--- EXERCISE DIRECTIONS ---
Only the lines from the beginning of the listing below through the line with "doc.styles.get('汉字')" belong in the answer; please print them exactly and drop the pictures.

◇ ◇ ◇ ◇

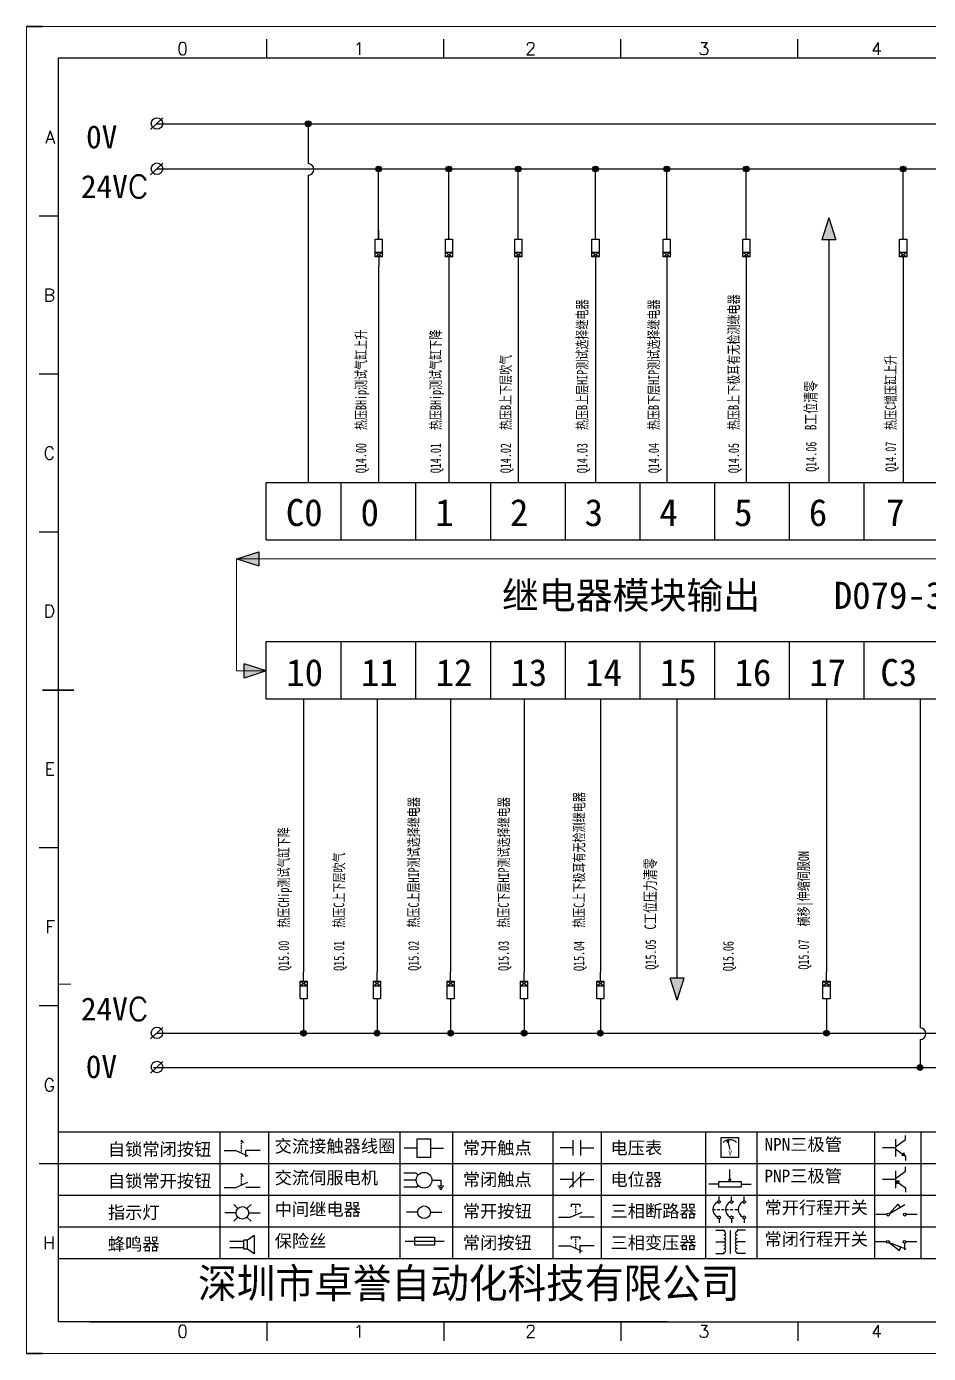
# Model space of a CAD drawing. Extents: x 38255 to 47052, y -6758 to -3353.
# Drawn here: x 39915.2 to 40072.2, y -5659.3 to -5428.3 of the extents above; entities that cross this region are included whole.
import ezdxf
from ezdxf.enums import TextEntityAlignment as Align

# ---------------------------------------------------------------- set-up
doc = ezdxf.new("R2010")
doc.units = 0
doc.header["$MEASUREMENT"] = 0
doc.layers.add('AE_BOR', color=1, linetype='Continuous')
doc.layers.add('frame', color=7, linetype='Continuous', lineweight=15)
doc.styles.add('WD', font='romans.shx', dxfattribs={"bigfont": 'gbcbig.shx'})
doc.styles.add('宋', font='', dxfattribs={"width": 0.7})
doc.styles.add('工程字', font='')
doc.styles.add('汉字', font='')
doc.styles.get('宋').set_extended_font_data('SimSun')
doc.styles.get('工程字').set_extended_font_data('SimSun')
doc.styles.get('汉字').set_extended_font_data('新宋体')

# ---------------------------------------------------------------- blocks, each defined once
blk = doc.blocks.new('*U34')
at = {"linetype": 'ByBlock'}
for p, q in [((-1909.23, -780.45), (-1909.23, -780.67)), ((-1909.23, -780.45), (-1908.92, -780.84)), ((-1909.23, -780.84), (-1909.23, -781.05)), ((-1911.92, -782.07), (-1910.06, -782.07)), ((-1910.06, -782.07), (-1908.18, -782.88)), ((-1909.23, -781.23), (-1909.23, -781.44)), ((-1909.23, -781.61), (-1909.23, -781.83)), ((-1909.23, -782), (-1909.23, -782.21)), ((-1909.23, -782.38), (-1909.23, -782.43)), ((-1908.52, -783.07), (-1908.52, -782.07)), ((-1906.25, -782.07), (-1908.52, -782.07))]:
    blk.add_line(p, q, dxfattribs=at)
blk = doc.blocks.new('*U36')
at = {"linetype": 'ByBlock'}
for p, q in [((-1908.88, -791.17), (-1909.23, -790.71)), ((-1909.23, -790.71), (-1909.23, -790.92)), ((-1909.23, -791.09), (-1909.23, -791.31)), ((-1909.23, -791.48), (-1909.23, -791.69)), ((-1911.92, -792.89), (-1910.06, -792.89)), ((-1910.06, -792.89), (-1908.18, -792.08)), ((-1909.23, -791.86), (-1909.23, -792.08)), ((-1909.23, -792.25), (-1909.23, -792.47)), ((-1906.25, -792.89), (-1908.52, -792.89))]:
    blk.add_line(p, q, dxfattribs=at)
blk = doc.blocks.new('蜂鸣器')
at = {"linetype": 'ByBlock'}
for p, q in [((-1907.17, -795.53), (-1908.25, -796.26)), ((-1907.17, -795.53), (-1907.17, -798.41)), ((-1908.8, -796.48), (-1911.01, -796.48)), ((-1908.8, -797.46), (-1911.01, -797.46)), ((-1908.25, -796.26), (-1908.8, -796.26)), ((-1908.8, -797.68), (-1908.8, -796.26)), ((-1908.25, -797.68), (-1908.8, -797.68)), ((-1908.25, -797.68), (-1908.25, -796.26)), ((-1907.17, -798.41), (-1908.25, -797.68))]:
    blk.add_line(p, q, dxfattribs=at)
blk = doc.blocks.new('指示灯')
at = {"linetype": 'ByBlock'}
for p, q in [((-1854.25, -776.92), (-1856.06, -776.92)), ((-1854.62, -775.59), (-1853.97, -776.23)), ((-1851.9, -775.59), (-1852.54, -776.23)), ((-1852.26, -776.92), (-1850.45, -776.92)), ((-1854.62, -778.25), (-1853.97, -777.61)), ((-1851.9, -778.25), (-1852.54, -777.61))]:
    blk.add_line(p, q, dxfattribs=at)
blk.add_circle((-1853.26, -776.92), 0.992, dxfattribs=at)
blk = doc.blocks.new('交流接触器线圈')
at = {"linetype": 'ByBlock'}
for p, q in [((-1880.82, -781.77), (-1882.87, -781.77)), ((-1878.72, -781.77), (-1876.67, -781.77))]:
    blk.add_line(p, q, dxfattribs=at)
blk.add_lwpolyline([(-1880.82, -780.28), (-1878.72, -780.28), (-1878.72, -783.26), (-1880.82, -783.26)], close=True, dxfattribs=at)
blk = doc.blocks.new('交流伺服电机')
at = {"linetype": 'ByBlock'}
for p, q in [((-1880.97, -785.75), (-1882.94, -785.75)), ((-1880.97, -786.85), (-1882.94, -786.85)), ((-1880.97, -785.75), (-1880.65, -786.03)), ((-1878.49, -786.85), (-1877.07, -786.85)), ((-1877.07, -786.85), (-1877.07, -787.72)), ((-1880.97, -787.94), (-1882.94, -787.94)), ((-1880.97, -787.94), (-1880.65, -787.67)), ((-1877.54, -787.72), (-1876.59, -787.72)), ((-1877.38, -788.01), (-1876.75, -788.01)), ((-1877.23, -788.29), (-1876.9, -788.29))]:
    blk.add_line(p, q, dxfattribs=at)
blk.add_circle((-1879.73, -786.85), 1.24, dxfattribs=at)
blk = doc.blocks.new('中间继电器')
at = {"linetype": 'ByBlock'}
for p, q in [((-1880.72, -791.92), (-1882.54, -791.92)), ((-1878.74, -791.92), (-1876.92, -791.92))]:
    blk.add_line(p, q, dxfattribs=at)
blk.add_circle((-1879.73, -791.92), 0.992, dxfattribs=at)
blk = doc.blocks.new('保险丝')
at = {"linetype": 'ByBlock'}
blk.add_line((-1882.72, -796.49), (-1876.55, -796.49), dxfattribs=at)
blk.add_lwpolyline([(-1881.2, -795.86), (-1878.06, -795.86), (-1878.06, -797.12), (-1881.2, -797.12)], close=True, dxfattribs=at)
blk = doc.blocks.new('常开按钮')
at = {"linetype": 'ByBlock'}
for p, q in [((-1910.06, -787.73), (-1908.18, -786.93)), ((-1909.9, -785.68), (-1908.56, -785.68)), ((-1909.9, -785.68), (-1909.9, -786.07)), ((-1909.23, -785.68), (-1909.23, -785.89)), ((-1909.23, -786.06), (-1909.23, -786.28)), ((-1909.23, -786.45), (-1909.23, -786.67)), ((-1909.23, -786.84), (-1909.23, -787.05)), ((-1909.23, -787.22), (-1909.23, -787.38)), ((-1908.56, -785.68), (-1908.56, -786.07)), ((-1911.92, -787.73), (-1910.06, -787.73)), ((-1906.25, -787.73), (-1908.52, -787.73))]:
    blk.add_line(p, q, dxfattribs=at)
blk = doc.blocks.new('常开触点')
at = {"linetype": 'ByBlock'}
for p, q in [((-1853.82, -782.99), (-1853.82, -780.56)), ((-1852.6, -782.99), (-1852.6, -780.56)), ((-1853.82, -781.77), (-1855.88, -781.77)), ((-1852.6, -781.77), (-1850.55, -781.77))]:
    blk.add_line(p, q, dxfattribs=at)
blk = doc.blocks.new('常闭触点')
at = {"linetype": 'ByBlock'}
for p, q in [((-1853.82, -786.77), (-1855.88, -786.77)), ((-1852.01, -785.66), (-1854.43, -788.1)), ((-1853.82, -787.99), (-1853.82, -785.56)), ((-1852.6, -787.99), (-1852.6, -785.56)), ((-1852.6, -786.77), (-1850.55, -786.77))]:
    blk.add_line(p, q, dxfattribs=at)
blk = doc.blocks.new('常闭按钮')
at = {"linetype": 'ByBlock'}
for p, q in [((-1854.11, -790.83), (-1852.77, -790.83)), ((-1854.11, -790.83), (-1854.11, -791.22)), ((-1853.44, -790.83), (-1853.44, -791.04)), ((-1853.44, -791.21), (-1853.44, -791.43)), ((-1853.44, -791.6), (-1853.44, -791.82)), ((-1852.77, -790.83), (-1852.77, -791.22)), ((-1856.13, -792.28), (-1854.28, -792.28)), ((-1854.28, -792.28), (-1852.4, -793.09)), ((-1853.44, -791.99), (-1853.44, -792.2)), ((-1853.44, -792.37), (-1853.44, -792.53)), ((-1850.47, -792.28), (-1852.73, -792.28)), ((-1852.73, -792.28), (-1852.73, -793.43))]:
    blk.add_line(p, q, dxfattribs=at)
blk = doc.blocks.new('电压表')
at = {"linetype": 'ByBlock'}
for p, q in [((-1814.84, -780.75), (-1814.91, -781.13)), ((-1814.6, -781.05), (-1814.91, -781.13)), ((-1814.84, -780.75), (-1814.46, -782.26)), ((-1814.84, -780.75), (-1814.6, -781.05))]:
    blk.add_line(p, q, dxfattribs=at)
blk.add_lwpolyline([(-1815.84, -780.34), (-1813.07, -780.34), (-1813.07, -783.49), (-1815.84, -783.49)], close=True, dxfattribs=at)
blk.add_arc((-1814.46, -782.26), 1.56, 46.8313, 133.1687, dxfattribs=at)
at = {"linetype": 'ByBlock', "insert": (-1814.7, -782.39), "char_height": 0.75, "width": 0.6768, "attachment_point": 1}
blk.add_mtext('V', dxfattribs=at)
blk = doc.blocks.new('电位器')
at = {"linetype": 'ByBlock'}
for p, q in [((-1814.45, -787.3), (-1814.45, -785.39)), ((-1814.45, -787.3), (-1814.62, -786.96)), ((-1814.62, -786.96), (-1814.27, -786.96)), ((-1814.45, -787.3), (-1814.27, -786.96)), ((-1816.21, -787.75), (-1817.79, -787.75)), ((-1812.68, -787.75), (-1811.1, -787.75))]:
    blk.add_line(p, q, dxfattribs=at)
blk.add_lwpolyline([(-1816.21, -787.3), (-1812.68, -787.3), (-1812.68, -788.2), (-1816.21, -788.2)], close=True, dxfattribs=at)
blk = doc.blocks.new('三相断路器')
at = {"linetype": 'ByBlock'}
for p, q in [((-1816.17, -790.33), (-1816.17, -789.7)), ((-1814.17, -790.33), (-1814.17, -789.7)), ((-1812.18, -790.33), (-1812.18, -789.7)), ((-1817.14, -791.74), (-1816.72, -791.74)), ((-1816.45, -791.74), (-1816.03, -791.74)), ((-1816.17, -793.19), (-1816.17, -793.83)), ((-1815.76, -791.74), (-1815.34, -791.74)), ((-1815.07, -791.74), (-1814.65, -791.74)), ((-1814.38, -791.74), (-1813.96, -791.74)), ((-1814.17, -793.19), (-1814.17, -793.83)), ((-1813.69, -791.74), (-1813.27, -791.74)), ((-1812.18, -793.19), (-1812.18, -793.83))]:
    blk.add_line(p, q, dxfattribs=at)
for centre in [(-1816.17, -790.55), (-1814.17, -790.55), (-1812.18, -790.55), (-1816.17, -792.98), (-1814.17, -792.98), (-1812.18, -792.98)]:
    blk.add_circle(centre, 0.219, dxfattribs=at)
for centre in [(-1815.81, -791.74), (-1813.82, -791.74), (-1811.83, -791.74)]:
    blk.add_arc(centre, 1.32, 115.5791, 244.4209, dxfattribs=at)
blk = doc.blocks.new('三相变压器')
at = {"linetype": 'ByBlock'}
for p, q in [((-1816.69, -795.03), (-1815.37, -795.03)), ((-1815.37, -795.03), (-1815.37, -795.24)), ((-1814.34, -798.7), (-1814.34, -795.04)), ((-1812, -795.03), (-1813.32, -795.03)), ((-1813.32, -795.03), (-1813.32, -795.24)), ((-1816.69, -796.87), (-1815.37, -796.87)), ((-1812, -796.87), (-1813.32, -796.87)), ((-1816.69, -798.71), (-1815.37, -798.71)), ((-1815.37, -798.71), (-1815.37, -798.5)), ((-1813.32, -798.71), (-1813.32, -798.5)), ((-1812, -798.71), (-1813.32, -798.71))]:
    blk.add_line(p, q, dxfattribs=at)
for centre, start, end in [((-1815.37, -795.51), 270, 90), ((-1815.37, -796.06), 270, 90), ((-1813.32, -795.51), 90, 270), ((-1813.32, -796.06), 90, 270), ((-1815.37, -796.6), 270, 90), ((-1815.37, -797.14), 270, 90), ((-1815.37, -797.68), 270, 90), ((-1815.37, -798.23), 270, 90), ((-1813.32, -796.6), 90, 270), ((-1813.32, -797.14), 90, 270), ((-1813.32, -797.68), 90, 270), ((-1813.32, -798.23), 90, 270)]:
    blk.add_arc(centre, 0.271, start, end, dxfattribs=at)
blk = doc.blocks.new('NPN三极管')
at = {"linetype": 'ByBlock'}
for p, q in [((-1785.73, -780.61), (-1785.73, -783.32)), ((-1785.73, -781.82), (-1784.15, -780.66)), ((-1784.15, -780.66), (-1784.15, -779.98)), ((-1785.73, -781.97), (-1787.81, -781.97)), ((-1785.73, -782.11), (-1784.15, -783.27)), ((-1784.41, -782.73), (-1784.74, -783.18)), ((-1784.15, -783.27), (-1784.74, -783.18)), ((-1784.15, -783.27), (-1784.41, -782.73)), ((-1784.15, -783.27), (-1784.15, -783.96))]:
    blk.add_line(p, q, dxfattribs=at)
blk = doc.blocks.new('PNP三极管')
at = {"linetype": 'ByBlock'}
for p, q in [((-1784.9, -785.38), (-1784.9, -788.09)), ((-1783.32, -785.43), (-1783.32, -784.75)), ((-1784.9, -786.74), (-1786.98, -786.74)), ((-1784.9, -786.59), (-1783.32, -785.43)), ((-1784.9, -786.88), (-1783.32, -788.04)), ((-1784.9, -786.88), (-1784.31, -786.97)), ((-1784.9, -786.88), (-1784.64, -787.42)), ((-1784.31, -786.97), (-1784.64, -787.42)), ((-1783.32, -788.04), (-1783.32, -788.73))]:
    blk.add_line(p, q, dxfattribs=at)
blk = doc.blocks.new('常开行程开关')
at = {"linetype": 'ByBlock'}
for p, q in [((-1785.89, -792.17), (-1784.52, -790.62)), ((-1785.89, -792.17), (-1783.43, -790.72)), ((-1784.52, -790.62), (-1784.19, -791.17)), ((-1786.29, -792.3), (-1788.01, -792.3)), ((-1781.48, -792.3), (-1783.21, -792.3))]:
    blk.add_line(p, q, dxfattribs=at)
for centre in [(-1786.07, -792.3), (-1783.42, -792.3)]:
    blk.add_circle(centre, 0.219, dxfattribs=at)
blk = doc.blocks.new('常闭行程开关')
at = {"linetype": 'ByBlock'}
for p, q in [((-1786.34, -796.62), (-1788.07, -796.62)), ((-1785.93, -796.72), (-1783.25, -797.7)), ((-1785.93, -796.72), (-1784.3, -798)), ((-1784.3, -798), (-1784.08, -797.4)), ((-1783.48, -796.84), (-1783.48, -797.85)), ((-1781.54, -796.62), (-1783.26, -796.62))]:
    blk.add_line(p, q, dxfattribs=at)
for centre in [(-1786.12, -796.62), (-1783.48, -796.62)]:
    blk.add_circle(centre, 0.219, dxfattribs=at)
blk = doc.blocks.new('电控横A4')
for p, q in [((292, -5), (5, -5)), ((5, -5), (5, -205)), ((10.03, -205), (289.53, -205)), ((130.8, -205), (190.75, -205))]:
    blk.add_line(p, q)
at = {"lineweight": 9, "ltscale": 0.1}
for p, q in [((5, -151.57), (7, -151.57)), ((101.34, -205), (130.8, -205)), ((129.44, -205), (129.44, -205)), ((129.44, -205), (129.44, -205)), ((129.44, -205), (129.44, -205)), ((129.44, -205), (129.44, -205))]:
    blk.add_line(p, q, dxfattribs=at)
at = {"linetype": 'ByBlock'}
for p, q in [((292, -175), (5, -175)), ((292, -180), (5, -180)), ((292, -185), (5, -185)), ((292, -190), (5, -190)), ((292, -195), (5, -195))]:
    blk.add_line(p, q, dxfattribs=at)
at = {"color": 0, "lineweight": -2}
for p, q in [((30.58, -175), (30.58, -195)), ((38.26, -175), (38.26, -195)), ((59.05, -175), (59.05, -195)), ((67.4, -175), (67.4, -195)), ((83.26, -175), (83.26, -195)), ((90.91, -175), (90.91, -195)), ((107.4, -175), (107.4, -195)), ((115.5, -175), (115.5, -195)), ((134.12, -175), (134.12, -195)), ((141.48, -175), (141.48, -195))]:
    blk.add_line(p, q, dxfattribs=at)
at = {"color": 0, "ltscale": 2}
blk.add_line((101.34, -205), (5, -205), dxfattribs=at)
at = {"layer": 'AE_BOR', "lineweight": 30}
for p, q in [((2.53, 0), (0, 0)), ((0, -210), (2.53, -210))]:
    blk.add_line(p, q, dxfattribs=at)
at = {"layer": 'AE_BOR', "color": 1, "lineweight": 15}
for p, q in [((0, 0), (297, 0)), ((0, -210), (0, 0)), ((297, -210), (0, -210))]:
    blk.add_line(p, q, dxfattribs=at)
at = {"layer": 'AE_BOR'}
for p, q in [((38.03, -5), (38.03, -2)), ((66.03, -5), (66.03, -2)), ((94.03, -5), (94.03, -2)), ((122.03, -5), (122.03, -2)), ((5, -30), (2, -30)), ((5, -55), (2, -55)), ((5, -80), (2, -80)), ((5, -130), (2, -130)), ((5, -155), (2, -155)), ((5, -180), (2, -180)), ((38.03, -205), (38.03, -208)), ((66.03, -205), (66.03, -208)), ((94.03, -205), (94.03, -208)), ((122.03, -205), (122.03, -208))]:
    blk.add_line(p, q, dxfattribs=at)
at = {"layer": 'AE_BOR', "color": 2, "lineweight": 30}
blk.add_line((2.5, -105), (7.5, -105), dxfattribs=at)
at = {"linetype": 'ByBlock'}
for name, p in [('*U34', (1943.19, 604.18)), ('交流接触器线圈', (1942.62, 604.27)), ('常开触点', (1940.27, 604.3)), ('电压表', (1925.71, 604.52)), ('NPN三极管', (1923.2, 604.5)), ('PNP三极管', (1922.37, 604.27)), ('*U36', (1943.19, 609.18)), ('交流伺服电机', (1942.62, 604.27)), ('常闭触点', (1940.27, 604.3)), ('电位器', (1925.71, 604.52)), ('指示灯', (1887.41, 589.18)), ('中间继电器', (1942.62, 604.27)), ('常开按钮', (1996.06, 599.3)), ('三相断路器', (1925.71, 604.52)), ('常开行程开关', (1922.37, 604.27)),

◇ ◇ ◇ ◇

--- RESPONSE BELOW ---
# Model space of a CAD drawing. Extents: x 38255 to 47052, y -6758 to -3353.
# Drawn here: x 39915.2 to 40072.2, y -5659.3 to -5428.3 of the extents above; entities that cross this region are included whole.
import ezdxf
from ezdxf.enums import TextEntityAlignment as Align

# ---------------------------------------------------------------- set-up
doc = ezdxf.new("R2010")
doc.units = 0
doc.header["$MEASUREMENT"] = 0
doc.layers.add('AE_BOR', color=1, linetype='Continuous')
doc.layers.add('frame', color=7, linetype='Continuous', lineweight=15)
doc.styles.add('WD', font='romans.shx', dxfattribs={"bigfont": 'gbcbig.shx'})
doc.styles.add('宋', font='', dxfattribs={"width": 0.7})
doc.styles.add('工程字', font='')
doc.styles.add('汉字', font='')
doc.styles.get('宋').set_extended_font_data('SimSun')
doc.styles.get('工程字').set_extended_font_data('SimSun')
doc.styles.get('汉字').set_extended_font_data('新宋体')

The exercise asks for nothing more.